First they stripped mother tongue instruction from the schools with children who came to school speaking Indigenous languages. They said they'd be helping Indigenous teachers teach their language after school, or later in the day. In reality, in some schools, this has come down to half an hour a week, preferably on a Friday afternoon when children are most likely to be tired and fed-up. This sends loud and clear the message that Indigenous languages are unimportant.

As far as I can see, the NT Government advisors don't realise just how hard it is to develop a staged curriculum which actually develops the children's speaking and listening abilities in their mother tongue, strengthens their vocabulary and helps them use sophisticated language. This is a seriously difficult task. There are few models of how it could be done well. Lots where it's done badly.

And there's no quick fix. You can't develop one curriculum and expect it to work for all the languages, because their grammatical structures are often radically different. Language teaching is a skilled job, and most language teachers have the benefit of lots of materials and solid curricula. Ain't the case in most Indigenous communities. Each language requires skilled speakers, linguists, and language teachers working on it to develop a curriculum. The NT Education Department has enough linguistically trained staff to cover perhaps 4 languages in the NT. It is an absolute cop-out to think that Indigenous teachers can do this on their own. It is setting them up to fail.

The policy is being developed with the NT Government's Indigenous Affairs Advisory Council, some of whom are first language speakers of Indigenous languages and/or experienced teachers. Speakers of Indigenous languages are obviously key people to be involved in developing a policy. But I would like to have seen some reference to language-teachers, teacher-linguists, and linguists. Not involving specialists is like saying you can develop a health policy without consulting health professionals.

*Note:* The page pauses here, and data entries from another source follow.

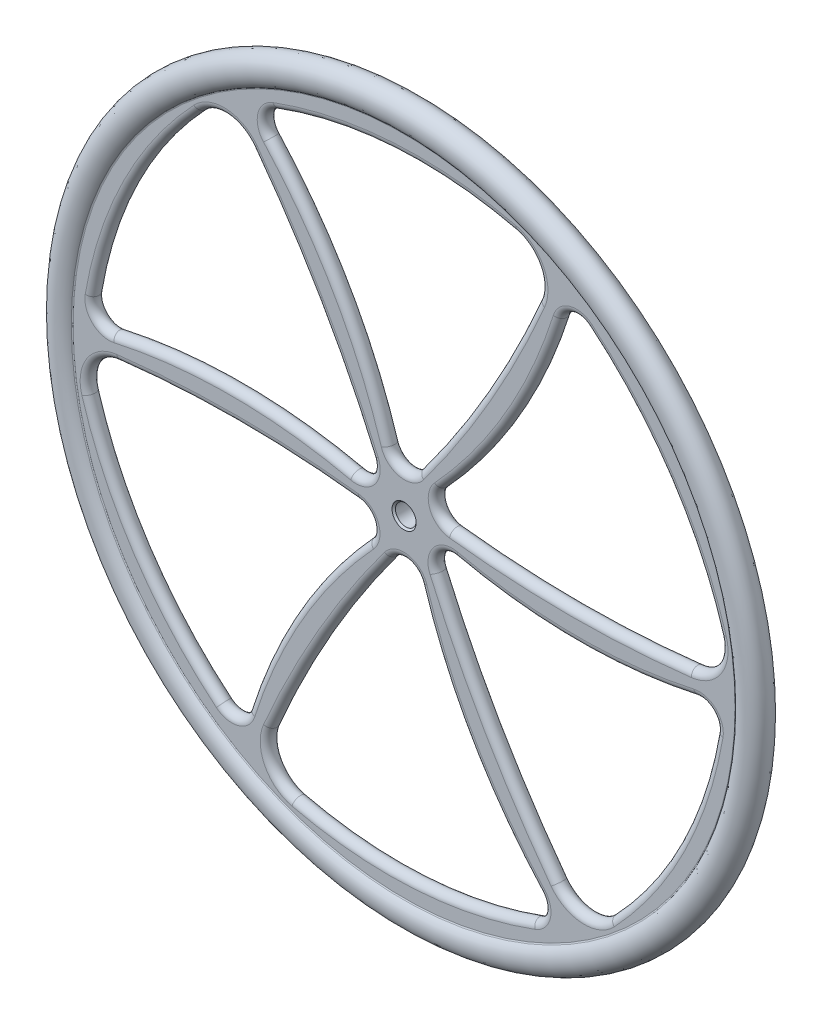
SolidWorks part; units mm, degrees
ref_plane "Front Plane" through (0, 0, 0) normal (0, 0, 1) x (1, 0, 0)
ref_plane "Top Plane" through (0, 0, 0) normal (0, 1, 0) x (1, 0, 0)
ref_plane "Right Plane" through (0, 0, 0) normal (1, 0, 0) x (0, 0, -1)
sketch "Sketch1" plane through (0, 0, 0) normal (0, 1, 0) x (1, 0, 0)
  line L0 (1.5, 0) -> (1.5, 3)
  line L1 (0, 0) -> (50, 0) construction
  line L2 (0, 0) -> (0, 2) construction
  line L3 (0, 2) -> (50, 2) construction
  line L4 (50, 0) -> (50, 2) construction
  line L5 (1.5, 3) -> (2, 3)
  line L6 (2, 3) -> (2, 2)
  line L7 (2, 2) -> (48.1281, 2)
  line L8 (48.1281, 0) -> (1.5, 0)
  ellipse E0 centre (50, 1) end of major axis (47.775, 1) minor radius 1.85
  dimension "D1" = 50
  dimension "D2" = 2
  dimension "D3" = 4.45
  dimension "D4" = 3.7
  dimension "D5" = 1.5
  dimension "D6" = 0.5
  dimension "D7" = 1
revolve "Revolve1" add sketch "Sketch1" angle 360 about L2 region at (24.5715, 0, -1.008) region at (50, 0, -1)
sketch "Sketch2" plane through (0, 0, 0) normal (0, 0, 1) x (1, 0, 0)
  line L0 (48.1281, 0) -> (0, 0) construction
  line L1 (0, 0) -> (24.064, 41.6801) construction
  circle A0 centre (0, 0) radius 48.1281 construction
  circle A1 centre (7, 4) radius 2.5 construction
  circle A2 centre (41, 6.5) radius 5 construction
  circle A3 centre (25, 35) radius 2.5 construction
  arc A4 (6.7106, 1.5168) -> (41.5837, 1.5342) centre (24.0729, 150.5086) ccw
  arc A5 (45.79, 7.9339) -> (26.5952, 36.9249) centre (-11.6897, -9.2732) ccw
  arc A6 (22.6169, 35.7557) -> (5.1624, 5.6951) centre (-53.641, 59.9367) cw
  arc A7 (41.5837, 1.5342) -> (45.79, 7.9339) centre (41, 6.5) ccw
  arc A8 (26.5952, 36.9249) -> (22.6169, 35.7557) centre (25, 35) ccw
  arc A9 (5.1624, 5.6951) -> (6.7106, 1.5168) centre (7, 4) ccw
  dimension "D3" = 5
  dimension "D5" = 5
  dimension "D8" = 10
  dimension "D11" = 80
  dimension "D12" = 60
  dimension "D13" = 150
  dimension "D1" = 60
  dimension "D2" = 4
  dimension "D4" = 7
  dimension "D6" = 25
  dimension "D7" = 35
  dimension "D9" = 6.5
  dimension "D10" = 41
extrude "Cut-Extrude1" cut sketch "Sketch2" against normal through all
fillet "Fillet1" 12 edges at (24.1477, 0.5086, 0) (4.6558, 3.1314, 0) (15.5421, 19.7659, 0) (24.295, 37.3985, 0) (38.3386, 23.8503, 0) (45.1783, 3.7538, 0) (15.5421, 19.7659, -2) (4.6558, 3.1314, -2) (24.1477, 0.5086, -2) (45.1783, 3.7538, -2) (38.3386, 23.8503, -2) (24.295, 37.3985, -2) type full round first side face at (25.3596, 14.7347, 0) second side face at (25.3596, 14.7347, -2) middle face at (24.4506, 36.8694, -1) middle face at (37.2656, 23.1399, -1) middle face at (44.4326, 4.2439, -1) middle face at (14.7159, 20.2456, -1) middle face at (5.2961, 3.3686, -1) middle face at (24.1474, 1.0171, -1)
fillet "Fillet2" radius 0.25 1 edges at (48.1281, 0, 0)
chamfer "Chamfer1" distance 0.25 angle 45 2 edges at (1.5, 0, 0) (1.5, 0, -3)
pattern_circular "CirPattern2" count 6 over 360 of "Fillet1", "Cut-Extrude1"

Senator Trish Crossin, Labor Federal Senator for the NT, gave a speech last year about the dismantling of bilingual education, drawing on her experience working in a bilingual school. You can read it here. It is tragic, and enormously frustrating, that her colleagues in the NT did not draw on her knowledge in framing in their education policy. But, maybe there's a chance for a change of heart, with the change of education minister, and the obvious problems emerging with the 'First 4 hours in English' policy.